Brief: Output range, inclusive: from the line containing "(ADDR6), U4.30 (A5)" to the line containing "(DATA15), U4.53 (DQ15)". Restate those lines from the data below word for word and only those.

Listed entries:

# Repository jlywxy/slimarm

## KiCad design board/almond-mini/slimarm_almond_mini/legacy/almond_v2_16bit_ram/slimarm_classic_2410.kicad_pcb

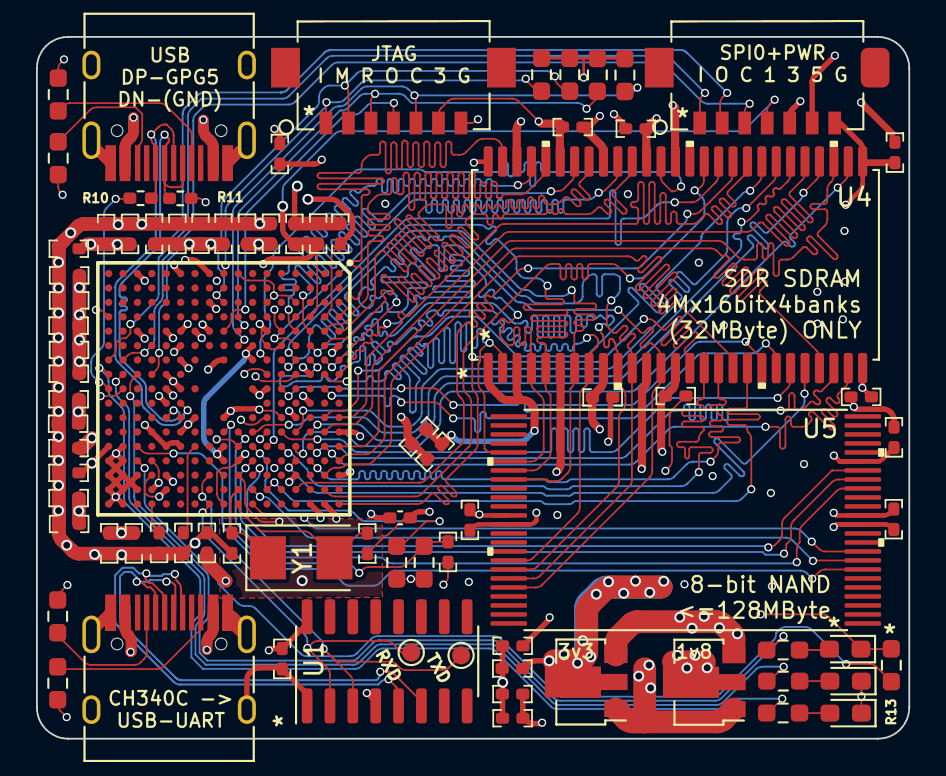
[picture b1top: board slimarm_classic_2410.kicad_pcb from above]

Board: 4 copper layers, 48.5 x 39.0 mm, 81 parts (0 on the bottom side), 81 nets.

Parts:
C1, C2: 5pF; 0402
C3, C4, C5, C7, C8, C11, C13, C14, C15, C16, C17, C18, C19, C20, C21, C22, C23, C24, C25, C26, C27, C28, C30, C31, C32, C33, C34, C35, C36, C37, C38, C39, C40, C41, C42, C43, C44, C45, C46, C47, C48, C49, C50, C51: 100nF; 0402
C6, C12: 22pF; 0402
C29: 100nF; C_0402_1005Metric_Pad0.74x0.62mm_HandSolder
D1, D2, D3: LED; LED_0603_1608Metric_Pad1.05x0.95mm_HandSolder
IC1: S3C2410AXX-YO; BGA272C80P17X17_1400X1400X116
J1, J4: USB_C_Receptacle_USB2.0; USB_C_Receptacle_HRO_TYPE-C-31-M-12
J2, J3: DF13A-7P-1.25H21
R1: 1.5k; R_0603_1608Metric_Pad0.98x0.95mm_HandSolder
R2, R14, R15, R16, R17: 10k; R_0603_1608Metric_Pad0.98x0.95mm_HandSolder
R4, R5, R6: 5.6k; R_0603_1608Metric_Pad0.98x0.95mm_HandSolder
R7, R8, R9, R12: 5.1k; R_0603_1608Metric_Pad0.98x0.95mm_HandSolder
R10, R11: NC; R_0402_1005Metric_Pad0.72x0.64mm_HandSolder
R13: 0; R_0603_1608Metric_Pad0.98x0.95mm_HandSolder
RXD: TestPoint; TestPoint_Pad_D1.0mm
TXD: TestPoint; TestPoint_Pad_D1.0mm
U1: CH340C; SOIC-16_3.9x9.9mm_P1.27mm
U4: HY57V561620FTP
U5: K9F5608U0C; M29W640FB70N6E
U6: AMS1117; SOT-89-3
U7: AMS1117-1.8; SOT-89-3
Y1: 12MHz; Crystal_SMD_5032-2Pin_5.0x3.2mm

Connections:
+1V8: C33.2, C34.2, C35.2, C36.2, C37.2, C38.2, C39.2, C40.2, C41.2, C42.2, C43.2, C44.2, C45.2, C46.2, C47.2, C49.2, IC1.C4 (VDDI_1), IC1.C8 (VDDI_2), IC1.C17 (VDDI_3), IC1.D11 (VDDI_4), IC1.G6 (VDDALIVE_1), IC1.G7 (VDDIARM_1), IC1.J13 (VDDI_5), IC1.J14 (VDDALIVE_2), IC1.K3 (VDDIARM_2), IC1.L5 (VDDIARM_3), IC1.L11 (VDDI_UPLL), IC1.M7 (VDDIARM_4), IC1.M12 (RTCVDD), IC1.N5 (VDDIARM_5), IC1.N10 (VDDIARM_6), IC1.P14 (VDDI_MPLL), IC1.P16 (XTIRTC), IC1.R1 (VDDIARM_7), J2.4, U7.2 (VO)
+3V3: C3.2, C4.2, C5.2, C7.2, C8.2, C11.2, C13.2, C14.2, C15.2, C16.2, C18.2, C19.2, C20.2, C21.2, C22.2, C23.2, C24.2, C25.2, C26.2, C27.2, C28.2, C29.2, C30.2, C31.2, C32.2, C50.2, IC1.A6 (VDDMOP_1), IC1.A15 (VDDMOP_2), IC1.B4 (VDDMOP_3), IC1.D8 (VDDMOP_4), IC1.E5 (VDDMOP_5), IC1.E11 (VDDMOP_6), IC1.H14 (VDDMOP_7), IC1.J11 (EXTCLK), IC1.J17 (NBATT_FLT), IC1.K1 (VDDOP_1), IC1.M6 (VDDOP_2), IC1.N9 (VDDOP_3), IC1.N16 (VDDOP_4), IC1.P15 (VDDA_ADC), IC1.U13 (NCON), J2.5, J3.6, R1.1, R2.2, R14.1, R15.1, R16.1, R17.1, U1.4 (V3), U1.16 (VCC), U4.1 (VDD), U4.3 (VDDQ), U4.9 (VDDQ), U4.14 (VDD), U4.27 (VDD), U4.43 (VDDQ), U4.49 (VDDQ), U5.12 (VCC), U5.19 (WP#), U5.37 (VCC), U6.2 (VO)
+5V: C17.2, C48.2, J1.A4 (VBUS), J1.A9 (VBUS), J1.B4 (VBUS), J1.B9 (VBUS), J2.6, J4.A4 (VBUS), J4.A9 (VBUS), J4.B4 (VBUS), J4.B9 (VBUS), U6.3 (VI), U7.3 (VI)
/BUS_ADR1: IC1.D14 (ADDR1), U4.23 (A0)
/BUS_ADR2: IC1.A14 (ADDR2), U4.24 (A1)
/BUS_ADR3: IC1.C13 (ADDR3), U4.25 (A2)
/BUS_ADR4: IC1.B13 (ADDR4), U4.26 (A3)
/BUS_ADR5: IC1.D13 (ADDR5), U4.29 (A4)
/BUS_ADR6: IC1.A13 (ADDR6), U4.30 (A5)
/BUS_ADR7: IC1.C12 (ADDR7), U4.31 (A6)
/BUS_ADR8: IC1.B12 (ADDR8), U4.32 (A7)
/BUS_ADR9: IC1.G12 (ADDR9), U4.33 (A8)
/BUS_ADR10: IC1.D12 (ADDR10), U4.34 (A9)
/BUS_ADR11: IC1.E12 (ADDR11), U4.22 (A10/AP)
/BUS_ADR12: IC1.B11 (ADDR12), U4.35 (A11)
/BUS_ADR13: IC1.A11 (ADDR13), U4.36 (A12)
/BUS_ADR23: IC1.E9 (ADDR23/GPA8), U4.20 (BS0)
/BUS_ADR24: IC1.B9 (ADDR24/GPA9), U4.21 (BS1)
/BUS_DAT0: IC1.B8 (DATA0), U4.2 (DQ0), U5.29 (I/O0)
/BUS_DAT1: IC1.A8 (DATA1), U4.4 (DQ1), U5.30 (I/O1)
/BUS_DAT2: IC1.D7 (DATA2), U4.5 (DQ2), U5.31 (I/O2)
/BUS_DAT3: IC1.E7 (DATA3), U4.7 (DQ3), U5.32 (I/O3)
/BUS_DAT4: IC1.C7 (DATA4), U4.8 (DQ4), U5.41 (I/O4)
/BUS_DAT5: IC1.B7 (DATA5), U4.10 (DQ5), U5.42 (I/O5)
/BUS_DAT6: IC1.A7 (DATA6), U4.11 (DQ6), U5.43 (I/O6)
/BUS_DAT7: IC1.C6 (DATA7), U4.13 (DQ7), U5.44 (I/O7)
/BUS_DAT8: IC1.F7 (DATA8), U4.42 (DQ8)
/BUS_DAT9: IC1.B6 (DATA9), U4.44 (DQ9)
/BUS_DAT10: IC1.D6 (DATA10), U4.45 (DQ10)
/BUS_DAT11: IC1.A5 (DATA11), U4.47 (DQ11)
/BUS_DAT12: IC1.C5 (DATA12), U4.48 (DQ12)
/BUS_DAT13: IC1.B5 (DATA13), U4.50 (DQ13)
/BUS_DAT14: IC1.D5 (DATA14), U4.51 (DQ14)
/BUS_DAT15: IC1.A4 (DATA15), U4.53 (DQ15)
/BUS_NWAIT: IC1.G13 (NWAIT), R1.2
/BUS_NWE: IC1.E13 (NWE), U4.16 (WE)
/CH_DN: J4.A7 (D-), J4.B7 (D-), U1.6 (UD-)
/CH_DP: J4.A6 (D+), J4.B6 (D+), U1.5 (UD+)
/DRAM_CS: IC1.F16 (NGCS6:NSCS0), U4.19 (CS)
/DRAM_DQML: IC1.A17 (NBE0:NWBE0:DQM0), U4.15 (LDQM)
/DRAM_DQMU: IC1.B16 (NBE1:NWBE1:DQM1), U4.39 (UDQM)
/DRAM_NSCAS: IC1.C14 (NSCAS), U4.17 (CAS)
/DRAM_NSRAS: IC1.B15 (NSRAS), U4.18 (RAS)
/DRAM_SCKE: IC1.D16 (SCKE), U4.37 (CKE)
/DRAM_SCLK: IC1.F13 (SCLK0), U4.38 (CLK)
/GPIO_G0: IC1.R8 (EINT8/GPG0), R5.1
/GPIO_G1: IC1.U8 (EINT9/GPG1), R6.1
/GPIO_G2: IC1.T8 (EINT10/NSS0/GPG2), R4.1
/GPIO_G5: IC1.U9 (EINT13/SPIMISO1/GPG5), R10.2
/JTAG_NTRST: IC1.H5 (NTRST), J3.3, R14.2
/JTAG_TCK: IC1.H6 (TCK), J3.5, R15.2
/JTAG_TDI: IC1.J1 (TDI), J3.1, R17.2
/JTAG_TDO: IC1.J5 (TDO), J3.4
/JTAG_TMS: IC1.J3 (TMS), J3.2, R16.2
/NAND_ALE: IC1.G14 (ALE/GPA18), U5.17 (ALE)
/NAND_CLE: IC1.H12 (CLE/GPA17), U5.16 (CLE)
/NAND_NFCE: IC1.G17 (NFCE/GPA22), U5.9 (CE#)
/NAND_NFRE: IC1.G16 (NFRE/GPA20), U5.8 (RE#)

Exercise answer:
/BUS_ADR6: IC1.A13 (ADDR6), U4.30 (A5)
/BUS_ADR7: IC1.C12 (ADDR7), U4.31 (A6)
/BUS_ADR8: IC1.B12 (ADDR8), U4.32 (A7)
/BUS_ADR9: IC1.G12 (ADDR9), U4.33 (A8)
/BUS_ADR10: IC1.D12 (ADDR10), U4.34 (A9)
/BUS_ADR11: IC1.E12 (ADDR11), U4.22 (A10/AP)
/BUS_ADR12: IC1.B11 (ADDR12), U4.35 (A11)
/BUS_ADR13: IC1.A11 (ADDR13), U4.36 (A12)
/BUS_ADR23: IC1.E9 (ADDR23/GPA8), U4.20 (BS0)
/BUS_ADR24: IC1.B9 (ADDR24/GPA9), U4.21 (BS1)
/BUS_DAT0: IC1.B8 (DATA0), U4.2 (DQ0), U5.29 (I/O0)
/BUS_DAT1: IC1.A8 (DATA1), U4.4 (DQ1), U5.30 (I/O1)
/BUS_DAT2: IC1.D7 (DATA2), U4.5 (DQ2), U5.31 (I/O2)
/BUS_DAT3: IC1.E7 (DATA3), U4.7 (DQ3), U5.32 (I/O3)
/BUS_DAT4: IC1.C7 (DATA4), U4.8 (DQ4), U5.41 (I/O4)
/BUS_DAT5: IC1.B7 (DATA5), U4.10 (DQ5), U5.42 (I/O5)
/BUS_DAT6: IC1.A7 (DATA6), U4.11 (DQ6), U5.43 (I/O6)
/BUS_DAT7: IC1.C6 (DATA7), U4.13 (DQ7), U5.44 (I/O7)
/BUS_DAT8: IC1.F7 (DATA8), U4.42 (DQ8)
/BUS_DAT9: IC1.B6 (DATA9), U4.44 (DQ9)
/BUS_DAT10: IC1.D6 (DATA10), U4.45 (DQ10)
/BUS_DAT11: IC1.A5 (DATA11), U4.47 (DQ11)
/BUS_DAT12: IC1.C5 (DATA12), U4.48 (DQ12)
/BUS_DAT13: IC1.B5 (DATA13), U4.50 (DQ13)
/BUS_DAT14: IC1.D5 (DATA14), U4.51 (DQ14)
/BUS_DAT15: IC1.A4 (DATA15), U4.53 (DQ15)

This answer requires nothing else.